Forum Discussion

eranati's avatar
eranati
Icon for Nimbostratus rankNimbostratus
Nov 26, 2019

Request Blocking By Source IP

Hi,

I have a question about request blocking by source IP in TPS-based detection and stress-based detection.

How is the IP blocked by the ASM? Is that by responding with a response code 4xx to all his requests? By resetting the connection with him by sending a RST packet? Or something else?

Thanks.

  • Hi,

     

    If I understand you correctly, usually you have a header XFF that identify you behind a proxy.

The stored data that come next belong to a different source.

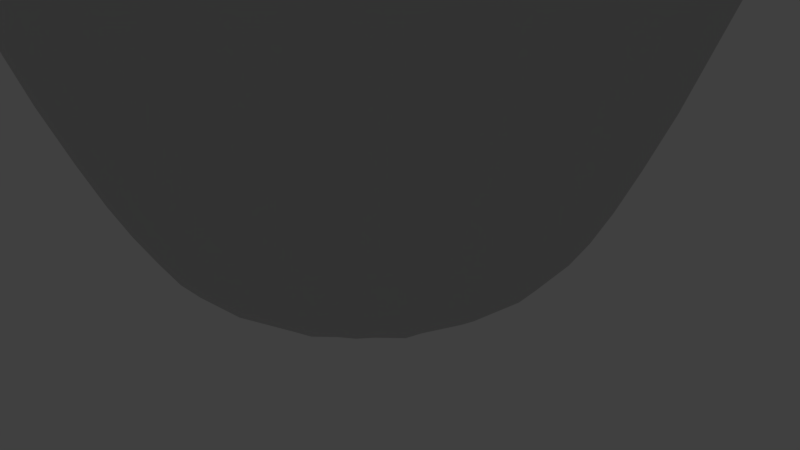 # Source: BowlingPin2.blend  (saved by Blender 2.77.0; exported with 4.5.12 LTS)
import bpy
from mathutils import Matrix  # noqa: F401  (used for matrix-valued properties, if any)

bpy.ops.wm.read_factory_settings(use_empty=True)
scene = bpy.context.scene
scene.name = 'Scene'

# ---- collections
col_collection_1 = bpy.data.collections.new('Collection 1'); scene.collection.children.link(col_collection_1)

# ---- materials (node trees are filled in below, after node groups)
mat_pin = bpy.data.materials.new('Pin')
mat_pin.alpha_threshold = 0.0
mat_pin.use_transparent_shadow = False
mat_pin.diffuse_color = (0.6383, 0.6383, 0.6383, 1.0)
mat_pin.roughness = 0.5
mat_stripe = bpy.data.materials.new('Stripe')
mat_stripe.alpha_threshold = 0.0
mat_stripe.use_transparent_shadow = False
mat_stripe.diffuse_color = (0.5173, 0.01123, 0.007064, 1.0)
mat_stripe.roughness = 0.5
mat_pin_001 = bpy.data.materials.new('Pin.001')
mat_pin_001.alpha_threshold = 0.0
mat_pin_001.use_transparent_shadow = False
mat_pin_001.diffuse_color = (0.6383, 0.6383, 0.6383, 1.0)
mat_pin_001.roughness = 0.5
mat_stripe_001 = bpy.data.materials.new('Stripe.001')
mat_stripe_001.alpha_threshold = 0.0
mat_stripe_001.use_transparent_shadow = False
mat_stripe_001.diffuse_color = (0.5173, 0.01123, 0.007064, 1.0)
mat_stripe_001.roughness = 0.5

# ---- material node trees

# ---- world
world_world = bpy.data.worlds.new('World'); scene.world = world_world
world_world.color = (0.05088, 0.05088, 0.05088)
world_world.use_sun_shadow = False
world_world.sun_shadow_jitter_overblur = 0.0
world_world.cycles.sampling_method = 'MANUAL'

# ---- cameras
cam_camera = bpy.data.cameras.new('Camera')
cam_camera.clip_end = 100.0
cam_camera.lens = 35.0
cam_camera.sensor_width = 32.0
cam_camera.sensor_height = 18.0
cam_camera.ortho_scale = 7.314
cam_camera.dof.focus_distance = 0.0
cam_camera.dof.aperture_fstop = 128.0

# ---- lights
light_lamp = bpy.data.lights.new('Lamp', 'POINT')
light_lamp.transmission_factor = 0.0
light_lamp.cutoff_distance = 30.0
light_lamp.energy = 100.0
light_lamp.shadow_buffer_clip_start = 1.001
light_lamp.shadow_soft_size = 0.1
light_lamp.shadow_maximum_resolution = 0.006
light_lamp.use_absolute_resolution = True

# ---- meshes
me_mesh = bpy.data.meshes.new('Mesh')
me_mesh.from_pydata([(0.1198, 3.777, -7.765e-07), (0.3414, 3.501, -6.394e-07), (0.3473, 3.268, -5.686e-07), (0.2637, 2.166, -3.529e-07), (0.3736, 1.92, -3.233e-07), (0.3614, 0.2555, -5.186e-07), (0.3101, 0.1363, -4.966e-07), (0.2672, 0.06094, -4.052e-07), (0.09889, -0.001125, -4.181e-08), (0.05342, -0.0004865, -1.122e-08), (0.1157, 3.777, 0.031), (0.2015, 3.735, 0.054), (0.2639, 3.674, 0.07072), (0.3058, 3.595, 0.08193), (0.3297, 3.501, 0.08835), (0.3387, 3.391, 0.09076), (0.3355, 3.268, 0.08988), (0.3228, 3.131, 0.08648), (0.3034, 2.983, 0.0813), (0.2802, 2.825, 0.07509), (0.256, 2.657, 0.06859), (0.2335, 2.48, 0.06256), (0.2295, 2.31, 0.06149), (0.2547, 2.166, 0.06826), (0.3012, 2.039, 0.08071), (0.3609, 1.92, 0.0967), (0.4257, 1.801, 0.1141), (0.4876, 1.674, 0.1307), (0.5387, 1.53, 0.1443), (0.5708, 1.36, 0.1529), (0.5759, 1.157, 0.1543), (0.546, 0.9102, 0.1463), (0.4731, 0.6127, 0.1268), (0.3491, 0.2555, 0.09353), (0.3228, 0.1899, 0.08649), (0.2996, 0.1363, 0.08027), (0.2783, 0.09379, 0.07458), (0.2581, 0.06094, 0.06915), (0.2376, 0.03659, 0.06367), (0.2159, 0.01948, 0.05786), (0.192, 0.008388, 0.05144), (0.1646, 0.002079, 0.04411), (0.1328, -0.0006808, 0.0356), (0.09552, -0.001125, 0.0256), (0.0516, -0.0004865, 0.01383), (0.1037, 3.777, 0.05989), (0.1807, 3.735, 0.1043), (0.2366, 3.674, 0.1366), (0.2741, 3.595, 0.1583), (0.2956, 3.501, 0.1707), (0.3037, 3.391, 0.1753), (0.3008, 3.268, 0.1736), (0.2894, 3.131, 0.1671), (0.272, 2.983, 0.1571), (0.2513, 2.825, 0.1451), (0.2295, 2.657, 0.1325), (0.2093, 2.48, 0.1209), (0.2058, 2.31, 0.1188), (0.2284, 2.166, 0.1319), (0.2701, 2.039, 0.1559), (0.3236, 1.92, 0.1868), (0.3817, 1.801, 0.2204), (0.4372, 1.674, 0.2524), (0.4829, 1.53, 0.2788), (0.5117, 1.36, 0.2954), (0.5163, 1.157, 0.2981), (0.4895, 0.9102, 0.2826), (0.4241, 0.6127, 0.2449), (0.313, 0.2555, 0.1807), (0.2894, 0.1899, 0.1671), (0.2686, 0.1363, 0.1551), (0.2496, 0.09379, 0.1441), (0.2314, 0.06094, 0.1336), (0.213, 0.03659, 0.123), (0.1936, 0.01948, 0.1118), (0.1721, 0.008388, 0.09938), (0.1476, 0.002079, 0.08522), (0.1191, -0.0006808, 0.06876), (0.08564, -0.001125, 0.04945), (0.04626, -0.0004865, 0.02671), (0.0847, 3.777, 0.0847), (0.1475, 3.735, 0.1475), (0.1932, 3.674, 0.1932), (0.2238, 3.595, 0.2238), (0.2414, 3.501, 0.2414), (0.248, 3.391, 0.248), (0.2456, 3.268, 0.2456), (0.2363, 3.131, 0.2363), (0.2221, 2.983, 0.2221), (0.2051, 2.825, 0.2051), (0.1874, 2.657, 0.1874), (0.1709, 2.48, 0.1709), (0.168, 2.31, 0.168), (0.1865, 2.166, 0.1865), (0.2205, 2.039, 0.2205), (0.2642, 1.92, 0.2642), (0.3116, 1.801, 0.3116), (0.357, 1.674, 0.357), (0.3943, 1.53, 0.3943), (0.4178, 1.36, 0.4178), (0.4216, 1.157, 0.4216), (0.3997, 0.9102, 0.3997), (0.3463, 0.6127, 0.3463), (0.2555, 0.2555, 0.2555), (0.2363, 0.1899, 0.2363), (0.2193, 0.1363, 0.2193), (0.2038, 0.09379, 0.2038), (0.1889, 0.06094, 0.1889), (0.1739, 0.03659, 0.1739), (0.1581, 0.01948, 0.1581), (0.1405, 0.008388, 0.1405), (0.1205, 0.002079, 0.1205), (0.09725, -0.0006808, 0.09725), (0.06993, -0.001125, 0.06993), (0.03777, -0.0004865, 0.03777), (0.05989, 3.777, 0.1037), (0.1043, 3.735, 0.1807), (0.1366, 3.674, 0.2366), (0.1583, 3.595, 0.2741), (0.1707, 3.501, 0.2956), (0.1753, 3.391, 0.3037), (0.1736, 3.268, 0.3008), (0.1671, 3.131, 0.2894), (0.1571, 2.983, 0.272), (0.1451, 2.825, 0.2512), (0.1325, 2.657, 0.2295), (0.1209, 2.48, 0.2093), (0.1188, 2.31, 0.2058), (0.1319, 2.166, 0.2284), (0.1559, 2.039, 0.2701), (0.1868, 1.92, 0.3236), (0.2204, 1.801, 0.3817), (0.2524, 1.674, 0.4372), (0.2788, 1.53, 0.4829), (0.2954, 1.36, 0.5117), (0.2981, 1.157, 0.5163), (0.2826, 0.9102, 0.4895), (0.2449, 0.6127, 0.4241), (0.1807, 0.2555, 0.313), (0.1671, 0.1899, 0.2894), (0.1551, 0.1363, 0.2686), (0.1441, 0.09379, 0.2496), (0.1336, 0.06094, 0.2314), (0.123, 0.03659, 0.213), (0.1118, 0.01948, 0.1936), (0.09938, 0.008388, 0.1721), (0.08522, 0.002079, 0.1476), (0.06877, -0.0006808, 0.1191), (0.04945, -0.001125, 0.08564), (0.02671, -0.0004865, 0.04626), (0.031, 3.777, 0.1157), (0.054, 3.735, 0.2015), (0.07072, 3.674, 0.2639), (0.08193, 3.595, 0.3058), (0.08835, 3.501, 0.3297), (0.09076, 3.391, 0.3387), (0.08988, 3.268, 0.3355), (0.08648, 3.131, 0.3228), (0.0813, 2.983, 0.3034), (0.07509, 2.825, 0.2802), (0.06859, 2.657, 0.256), (0.06256, 2.48, 0.2335), (0.06149, 2.31, 0.2295), (0.06826, 2.166, 0.2547), (0.08071, 2.039, 0.3012), (0.0967, 1.92, 0.3609), (0.1141, 1.801, 0.4257), (0.1307, 1.674, 0.4876), (0.1443, 1.53, 0.5387), (0.1529, 1.36, 0.5708), (0.1543, 1.157, 0.5759), (0.1463, 0.9102, 0.546), (0.1268, 0.6127, 0.4731), (0.09353, 0.2555, 0.3491), (0.08649, 0.1899, 0.3228), (0.08027, 0.1363, 0.2996), (0.07458, 0.09379, 0.2783), (0.06915, 0.06094, 0.2581), (0.06367, 0.03659, 0.2376), (0.05786, 0.01948, 0.2159), (0.05144, 0.008388, 0.192), (0.04411, 0.002079, 0.1646), (0.0356, -0.0006808, 0.1328), (0.0256, -0.001125, 0.09552), (0.01383, -0.0004865, 0.0516), (1.546e-07, 3.777, 0.1198), (1.416e-07, 3.735, 0.2086), (9.686e-08, 3.674, 0.2733), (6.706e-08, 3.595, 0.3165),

    So when you set a HTTP profile that accept that XFF header, the DOS profile detection will work on this IP instead of the IP connected to the VS. This way, the RST packet would sent when the malicious XFF IP make requests, preventing to reset all connections from other IP addresses. This setup needs to AVR be provisioned.

    I have this trick on vs setup bellow a CDN proxy.

    For security, I think is good to customize an alternative name to XFF when just BIG-IP and proxy/CDN know that name to prevent an attacker to impersonate IP addresses on that header.

     

    Regards.

     

    https://support.f5.com/csp/article/K40243113

     

    Accept XFF

     

    Enables or disables trusting the client IP, and statistics from the client IP address, based on the request's X-Forwarded-For (XFF) headers, if they exist.

    Note: This option has an effect only when you use either AVR or ASM L7 DoS profile (ASM required). For AVR, the Accept XFF option allows the BIG-IP system to trust and take into consideration IP addresses from the X-Forwarded-For header for statistics purposes. For an L7 DoS profile, the Accept XFF option allows the BIG-IP system to take action based on IP addresses from the X-Forwarded-For header that match, for example, an Access List.